After Buenavista, we drove for some time into the jungle on a very bumpy road to finally arrive at Finca San Diego. A finca is a sort of small plantation or country estate. The spry, 78 year old running this place is precious and greets everyone with a hug right as you get out of the transport van. The place is nice, homey, and the food is to die for! She likes to say she cooks from the heart, and she is full of chatter about all sorts of things and gives good wisdom to us. She tells us it’s important to remember the good things that happened in life and hang on to those and the people that shared those good times with us. I suppose that may be the difference between old people with a gleam in their eye verses old people whose eyes seem glazed over – which parts of their life they hang onto.








































Feb 14
Today we slept in before having a beautiful breakfast with la Señora Yolanda. I slept extra good and the whole world seems so right and peaceful. After breakfast we traveled to a horse ranch where we road horses in the most beautiful landscape I could imagine riding horses in. My horse, Pabarron, was very nice and easy going and we bonded well. We stopped for lunch in town, but I was still full from the huge breakfast spread, so I just had a carrot cake. We made it back to the finca around mid afternoon and had the rest of the day to lounge around the estate. I took a nice nap in the hammock and did some bird watching.
Feb 15
This morning we had one last beautiful breakfast with la Señora Yolanda before we drove out to a town called Salento.

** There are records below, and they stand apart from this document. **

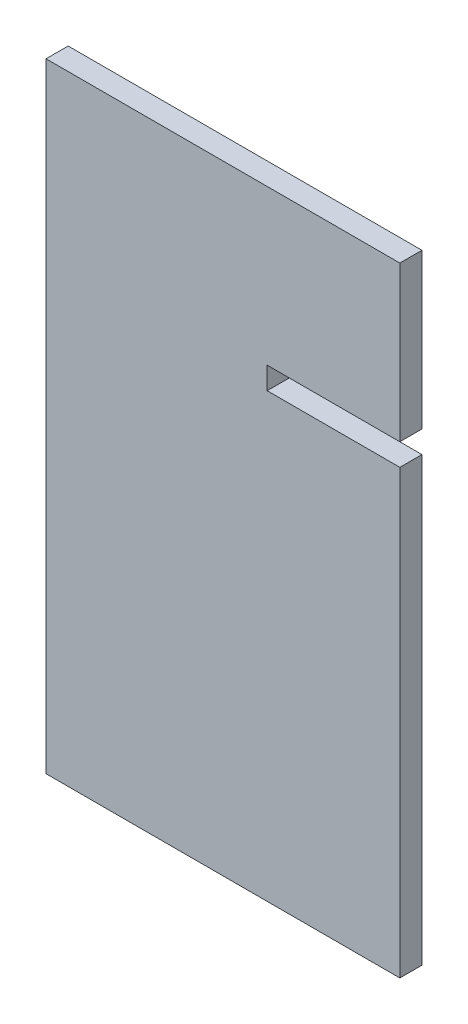
ISO-10303-21;
HEADER;
FILE_DESCRIPTION(('STEP AP214'),'2;1');
FILE_NAME('part.step','',(''),(''),'','','');
FILE_SCHEMA(('AUTOMOTIVE_DESIGN { 1 0 10303 214 1 1 1 1 }'));
ENDSEC;
DATA;
#1=APPLICATION_CONTEXT('core data for automotive mechanical design processes');
#2=APPLICATION_PROTOCOL_DEFINITION('international standard','automotive_design',2000,#1);
#3=PRODUCT_CONTEXT('',#1,'mechanical');
#4=PRODUCT('Part','Part','',(#3));
#5=PRODUCT_RELATED_PRODUCT_CATEGORY('part','',(#4));
#6=PRODUCT_DEFINITION_FORMATION('','',#4);
#7=PRODUCT_DEFINITION_CONTEXT('part definition',#1,'design');
#8=PRODUCT_DEFINITION('design','',#6,#7);
#9=PRODUCT_DEFINITION_SHAPE('','',#8);
#10=(LENGTH_UNIT() NAMED_UNIT(*) SI_UNIT(.MILLI.,.METRE.));
#11=(NAMED_UNIT(*) PLANE_ANGLE_UNIT() SI_UNIT($,.RADIAN.));
#12=(NAMED_UNIT(*) SI_UNIT($,.STERADIAN.) SOLID_ANGLE_UNIT());
#13=UNCERTAINTY_MEASURE_WITH_UNIT(LENGTH_MEASURE(1.E-05),#10,'distance_accuracy_value','');
#14=(GEOMETRIC_REPRESENTATION_CONTEXT(3) GLOBAL_UNCERTAINTY_ASSIGNED_CONTEXT((#13)) GLOBAL_UNIT_ASSIGNED_CONTEXT((#10,
#11,#12)) REPRESENTATION_CONTEXT('',''));
#15=CARTESIAN_POINT('',(0.,0.,0.));
#16=DIRECTION('',(0.,0.,1.));
#17=DIRECTION('',(1.,0.,0.));
#18=AXIS2_PLACEMENT_3D('',#15,#16,#17);
#19=CARTESIAN_POINT('',(0.,0.,5.));
#20=DIRECTION('',(1.,0.,0.));
#21=DIRECTION('',(0.,0.,-1.));
#22=AXIS2_PLACEMENT_3D('',#19,#20,#21);
#23=PLANE('',#22);
#24=DIRECTION('',(0.,-1.,0.));
#25=VECTOR('',#24,1.);
#26=CARTESIAN_POINT('',(0.,0.,0.));
#27=LINE('',#26,#25);
#28=CARTESIAN_POINT('',(0.,140.,0.));
#29=VERTEX_POINT('',#28);
#30=CARTESIAN_POINT('',(0.,0.,0.));
#31=VERTEX_POINT('',#30);
#32=EDGE_CURVE('E129',#29,#31,#27,.T.);
#33=ORIENTED_EDGE('',*,*,#32,.T.);
#34=DIRECTION('',(0.,0.,-1.));
#35=VECTOR('',#34,1.);
#36=CARTESIAN_POINT('',(0.,0.,5.));
#37=LINE('',#36,#35);
#38=CARTESIAN_POINT('',(0.,0.,5.));
#39=VERTEX_POINT('',#38);
#40=EDGE_CURVE('E11',#39,#31,#37,.T.);
#41=ORIENTED_EDGE('',*,*,#40,.F.);
#42=DIRECTION('',(0.,-1.,0.));
#43=VECTOR('',#42,1.);
#44=CARTESIAN_POINT('',(0.,0.,5.));
#45=LINE('',#44,#43);
#46=CARTESIAN_POINT('',(0.,140.,5.));
#47=VERTEX_POINT('',#46);
#48=EDGE_CURVE('E143',#47,#39,#45,.T.);
#49=ORIENTED_EDGE('',*,*,#48,.F.);
#50=DIRECTION('',(0.,0.,-1.));
#51=VECTOR('',#50,1.);
#52=CARTESIAN_POINT('',(0.,140.,5.));
#53=LINE('',#52,#51);
#54=EDGE_CURVE('E125',#47,#29,#53,.T.);
#55=ORIENTED_EDGE('',*,*,#54,.T.);
#56=EDGE_LOOP('',(#33,#41,#49,#55));
#57=FACE_BOUND('',#56,.T.);
#58=ADVANCED_FACE('F33',(#57),#23,.F.);
#59=CARTESIAN_POINT('',(0.,0.,5.));
#60=DIRECTION('',(0.,1.,0.));
#61=DIRECTION('',(0.,0.,1.));
#62=AXIS2_PLACEMENT_3D('',#59,#60,#61);
#63=PLANE('',#62);
#64=DIRECTION('',(1.,0.,0.));
#65=VECTOR('',#64,1.);
#66=CARTESIAN_POINT('',(0.,0.,0.));
#67=LINE('',#66,#65);
#68=CARTESIAN_POINT('',(80.,0.,0.));
#69=VERTEX_POINT('',#68);
#70=EDGE_CURVE('E132',#31,#69,#67,.T.);
#71=ORIENTED_EDGE('',*,*,#70,.T.);
#72=DIRECTION('',(0.,0.,-1.));
#73=VECTOR('',#72,1.);
#74=CARTESIAN_POINT('',(80.,0.,5.));
#75=LINE('',#74,#73);
#76=CARTESIAN_POINT('',(80.,0.,5.));
#77=VERTEX_POINT('',#76);
#78=EDGE_CURVE('E41',#77,#69,#75,.T.);
#79=ORIENTED_EDGE('',*,*,#78,.F.);
#80=DIRECTION('',(1.,0.,0.));
#81=VECTOR('',#80,1.);
#82=CARTESIAN_POINT('',(0.,0.,5.));
#83=LINE('',#82,#81);
#84=EDGE_CURVE('E92',#39,#77,#83,.T.);
#85=ORIENTED_EDGE('',*,*,#84,.F.);
#86=ORIENTED_EDGE('',*,*,#40,.T.);
#87=EDGE_LOOP('',(#71,#79,#85,#86));
#88=FACE_BOUND('',#87,.T.);
#89=ADVANCED_FACE('F178',(#88),#63,.F.);
#90=CARTESIAN_POINT('',(80.,100.,5.));
#91=DIRECTION('',(-1.,0.,0.));
#92=DIRECTION('',(0.,0.,1.));
#93=AXIS2_PLACEMENT_3D('',#90,#91,#92);
#94=PLANE('',#93);
#95=DIRECTION('',(0.,1.,0.));
#96=VECTOR('',#95,1.);
#97=CARTESIAN_POINT('',(80.,100.,0.));
#98=LINE('',#97,#96);
#99=CARTESIAN_POINT('',(80.,100.,0.));
#100=VERTEX_POINT('',#99);
#101=EDGE_CURVE('E134',#69,#100,#98,.T.);
#102=ORIENTED_EDGE('',*,*,#101,.T.);
#103=DIRECTION('',(0.,0.,-1.));
#104=VECTOR('',#103,1.);
#105=CARTESIAN_POINT('',(80.,100.,5.));
#106=LINE('',#105,#104);
#107=CARTESIAN_POINT('',(80.,100.,5.));
#108=VERTEX_POINT('',#107);
#109=EDGE_CURVE('E150',#108,#100,#106,.T.);
#110=ORIENTED_EDGE('',*,*,#109,.F.);
#111=DIRECTION('',(0.,1.,0.));
#112=VECTOR('',#111,1.);
#113=CARTESIAN_POINT('',(80.,100.,5.));
#114=LINE('',#113,#112);
#115=EDGE_CURVE('E158',#77,#108,#114,.T.);
#116=ORIENTED_EDGE('',*,*,#115,.F.);
#117=ORIENTED_EDGE('',*,*,#78,.T.);
#118=EDGE_LOOP('',(#102,#110,#116,#117));
#119=FACE_BOUND('',#118,.T.);
#120=ADVANCED_FACE('F156',(#119),#94,.F.);
#121=CARTESIAN_POINT('',(50.,100.,5.));
#122=DIRECTION('',(0.,-1.,0.));
#123=DIRECTION('',(0.,0.,-1.));
#124=AXIS2_PLACEMENT_3D('',#121,#122,#123);
#125=PLANE('',#124);
#126=DIRECTION('',(-1.,0.,0.));
#127=VECTOR('',#126,1.);
#128=CARTESIAN_POINT('',(50.,100.,0.));
#129=LINE('',#128,#127);
#130=CARTESIAN_POINT('',(50.,100.,0.));
#131=VERTEX_POINT('',#130);
#132=EDGE_CURVE('E136',#100,#131,#129,.T.);
#133=ORIENTED_EDGE('',*,*,#132,.T.);
#134=DIRECTION('',(0.,0.,-1.));
#135=VECTOR('',#134,1.);
#136=CARTESIAN_POINT('',(50.,100.,5.));
#137=LINE('',#136,#135);
#138=CARTESIAN_POINT('',(50.,100.,5.));
#139=VERTEX_POINT('',#138);
#140=EDGE_CURVE('E147',#139,#131,#137,.T.);
#141=ORIENTED_EDGE('',*,*,#140,.F.);
#142=DIRECTION('',(-1.,0.,0.));
#143=VECTOR('',#142,1.);
#144=CARTESIAN_POINT('',(50.,100.,5.));
#145=LINE('',#144,#143);
#146=EDGE_CURVE('E170',#108,#139,#145,.T.);
#147=ORIENTED_EDGE('',*,*,#146,.F.);
#148=ORIENTED_EDGE('',*,*,#109,.T.);
#149=EDGE_LOOP('',(#133,#141,#147,#148));
#150=FACE_BOUND('',#149,.T.);
#151=ADVANCED_FACE('F166',(#150),#125,.F.);
#152=CARTESIAN_POINT('',(50.,105.,5.));
#153=DIRECTION('',(-1.,0.,0.));
#154=DIRECTION('',(0.,-1.,0.));
#155=AXIS2_PLACEMENT_3D('',#152,#153,#154);
#156=PLANE('',#155);
#157=DIRECTION('',(0.,1.,0.));
#158=VECTOR('',#157,1.);
#159=CARTESIAN_POINT('',(50.,105.,0.));
#160=LINE('',#159,#158);
#161=CARTESIAN_POINT('',(50.,105.,0.));
#162=VERTEX_POINT('',#161);
#163=EDGE_CURVE('E138',#131,#162,#160,.T.);
#164=ORIENTED_EDGE('',*,*,#163,.T.);
#165=DIRECTION('',(0.,0.,-1.));
#166=VECTOR('',#165,1.);
#167=CARTESIAN_POINT('',(50.,105.,5.));
#168=LINE('',#167,#166);
#169=CARTESIAN_POINT('',(50.,105.,5.));
#170=VERTEX_POINT('',#169);
#171=EDGE_CURVE('E120',#170,#162,#168,.T.);
#172=ORIENTED_EDGE('',*,*,#171,.F.);
#173=DIRECTION('',(0.,1.,0.));
#174=VECTOR('',#173,1.);
#175=CARTESIAN_POINT('',(50.,105.,5.));
#176=LINE('',#175,#174);
#177=EDGE_CURVE('E111',#139,#170,#176,.T.);
#178=ORIENTED_EDGE('',*,*,#177,.F.);
#179=ORIENTED_EDGE('',*,*,#140,.T.);
#180=EDGE_LOOP('',(#164,#172,#178,#179));
#181=FACE_BOUND('',#180,.T.);
#182=ADVANCED_FACE('F169',(#181),#156,.F.);
#183=CARTESIAN_POINT('',(50.,105.,5.));
#184=DIRECTION('',(0.,1.,0.));
#185=DIRECTION('',(0.,0.,1.));
#186=AXIS2_PLACEMENT_3D('',#183,#184,#185);
#187=PLANE('',#186);
#188=DIRECTION('',(1.,0.,0.));
#189=VECTOR('',#188,1.);
#190=CARTESIAN_POINT('',(50.,105.,0.));
#191=LINE('',#190,#189);
#192=CARTESIAN_POINT('',(80.,105.,0.));
#193=VERTEX_POINT('',#192);
#194=EDGE_CURVE('E119',#162,#193,#191,.T.);
#195=ORIENTED_EDGE('',*,*,#194,.T.);
#196=DIRECTION('',(0.,0.,-1.));
#197=VECTOR('',#196,1.);
#198=CARTESIAN_POINT('',(80.,105.,5.));
#199=LINE('',#198,#197);
#200=CARTESIAN_POINT('',(80.,105.,5.));
#201=VERTEX_POINT('',#200);
#202=EDGE_CURVE('E116',#201,#193,#199,.T.);
#203=ORIENTED_EDGE('',*,*,#202,.F.);
#204=DIRECTION('',(1.,0.,0.));
#205=VECTOR('',#204,1.);
#206=CARTESIAN_POINT('',(50.,105.,5.));
#207=LINE('',#206,#205);
#208=EDGE_CURVE('E105',#170,#201,#207,.T.);
#209=ORIENTED_EDGE('',*,*,#208,.F.);
#210=ORIENTED_EDGE('',*,*,#171,.T.);
#211=EDGE_LOOP('',(#195,#203,#209,#210));
#212=FACE_BOUND('',#211,.T.);
#213=ADVANCED_FACE('F117',(#212),#187,.F.);
#214=CARTESIAN_POINT('',(80.,140.,5.));
#215=DIRECTION('',(-1.,0.,0.));
#216=DIRECTION('',(0.,-1.,0.));
#217=AXIS2_PLACEMENT_3D('',#214,#215,#216);
#218=PLANE('',#217);
#219=DIRECTION('',(0.,1.,0.));
#220=VECTOR('',#219,1.);
#221=CARTESIAN_POINT('',(80.,140.,0.));
#222=LINE('',#221,#220);
#223=CARTESIAN_POINT('',(80.,140.,0.));
#224=VERTEX_POINT('',#223);
#225=EDGE_CURVE('E78',#193,#224,#222,.T.);
#226=ORIENTED_EDGE('',*,*,#225,.T.);
#227=DIRECTION('',(0.,0.,-1.));
#228=VECTOR('',#227,1.);
#229=CARTESIAN_POINT('',(80.,140.,5.));
#230=LINE('',#229,#228);
#231=CARTESIAN_POINT('',(80.,140.,5.));
#232=VERTEX_POINT('',#231);
#233=EDGE_CURVE('E121',#232,#224,#230,.T.);
#234=ORIENTED_EDGE('',*,*,#233,.F.);
#235=DIRECTION('',(0.,1.,0.));
#236=VECTOR('',#235,1.);
#237=CARTESIAN_POINT('',(80.,140.,5.));
#238=LINE('',#237,#236);
#239=EDGE_CURVE('E109',#201,#232,#238,.T.);
#240=ORIENTED_EDGE('',*,*,#239,.F.);
#241=ORIENTED_EDGE('',*,*,#202,.T.);
#242=EDGE_LOOP('',(#226,#234,#240,#241));
#243=FACE_BOUND('',#242,.T.);
#244=ADVANCED_FACE('F123',(#243),#218,.F.);
#245=CARTESIAN_POINT('',(0.,140.,5.));
#246=DIRECTION('',(0.,-1.,0.));
#247=DIRECTION('',(0.,0.,-1.));
#248=AXIS2_PLACEMENT_3D('',#245,#246,#247);
#249=PLANE('',#248);
#250=DIRECTION('',(-1.,0.,0.));
#251=VECTOR('',#250,1.);
#252=CARTESIAN_POINT('',(0.,140.,0.));
#253=LINE('',#252,#251);
#254=EDGE_CURVE('E84',#224,#29,#253,.T.);
#255=ORIENTED_EDGE('',*,*,#254,.T.);
#256=ORIENTED_EDGE('',*,*,#54,.F.);
#257=DIRECTION('',(-1.,0.,0.));
#258=VECTOR('',#257,1.);
#259=CARTESIAN_POINT('',(0.,140.,5.));
#260=LINE('',#259,#258);
#261=EDGE_CURVE('E49',#232,#47,#260,.T.);
#262=ORIENTED_EDGE('',*,*,#261,.F.);
#263=ORIENTED_EDGE('',*,*,#233,.T.);
#264=EDGE_LOOP('',(#255,#256,#262,#263));
#265=FACE_BOUND('',#264,.T.);
#266=ADVANCED_FACE('F194',(#265),#249,.F.);
#267=CARTESIAN_POINT('',(0.,0.,5.));
#268=DIRECTION('',(0.,0.,-1.));
#269=DIRECTION('',(-1.,0.,0.));
#270=AXIS2_PLACEMENT_3D('',#267,#268,#269);
#271=PLANE('',#270);
#272=ORIENTED_EDGE('',*,*,#48,.T.);
#273=ORIENTED_EDGE('',*,*,#84,.T.);
#274=ORIENTED_EDGE('',*,*,#115,.T.);
#275=ORIENTED_EDGE('',*,*,#146,.T.);
#276=ORIENTED_EDGE('',*,*,#177,.T.);
#277=ORIENTED_EDGE('',*,*,#208,.T.);
#278=ORIENTED_EDGE('',*,*,#239,.T.);
#279=ORIENTED_EDGE('',*,*,#261,.T.);
#280=EDGE_LOOP('',(#272,#273,#274,#275,#276,#277,#278,#279));
#281=FACE_BOUND('',#280,.T.);
#282=ADVANCED_FACE('F107',(#281),#271,.F.);
#283=CARTESIAN_POINT('',(0.,0.,0.));
#284=DIRECTION('',(0.,0.,-1.));
#285=DIRECTION('',(-1.,0.,0.));
#286=AXIS2_PLACEMENT_3D('',#283,#284,#285);
#287=PLANE('',#286);
#288=ORIENTED_EDGE('',*,*,#32,.F.);
#289=ORIENTED_EDGE('',*,*,#254,.F.);
#290=ORIENTED_EDGE('',*,*,#225,.F.);
#291=ORIENTED_EDGE('',*,*,#194,.F.);
#292=ORIENTED_EDGE('',*,*,#163,.F.);
#293=ORIENTED_EDGE('',*,*,#132,.F.);
#294=ORIENTED_EDGE('',*,*,#101,.F.);
#295=ORIENTED_EDGE('',*,*,#70,.F.);
#296=EDGE_LOOP('',(#288,#289,#290,#291,#292,#293,#294,#295));
#297=FACE_BOUND('',#296,.T.);
#298=ADVANCED_FACE('F162',(#297),#287,.T.);
#299=CLOSED_SHELL('',(#58,#89,#120,#151,#182,#213,#244,#266,#282,#298));
#300=MANIFOLD_SOLID_BREP('B2',#299);
#301=ADVANCED_BREP_SHAPE_REPRESENTATION('',(#18,#300),#14);
#302=SHAPE_DEFINITION_REPRESENTATION(#9,#301);
ENDSEC;
END-ISO-10303-21;

From there we took jeeps out to a coffee farm. I rode on the back of the jeep standing up and hanging on. It was beautiful. We toured the coffee plantation of Ocaso and learned a lot. I made several notes about what to do differently with various methods of coffee preparation, and of course the coffee was delicious.
After returning in the jeep to Salento, we played a Colombian game called Tejo. Something like horseshoes only you’re trying to hit a metal ring that has packets of gunpowder sitting on it. When you make a good throw, the gunpowder explodes and you get 3 points. I actually won the game against the whole group because of one really lucky throw where I got an explosion plus my metal rock landed in the middle of the ring, so I got 13 points from that one throw.
The finca tonight is comfortable. I’m thankful for having a single room. I was thinking I’d share a room to save money, but since there are no other guys on this trip, they let me have a single room for only $100 more. Now I realized I’m very fortunate to have it because you spend all day with the group so when you get a chance for some alone time, you really appreciate it.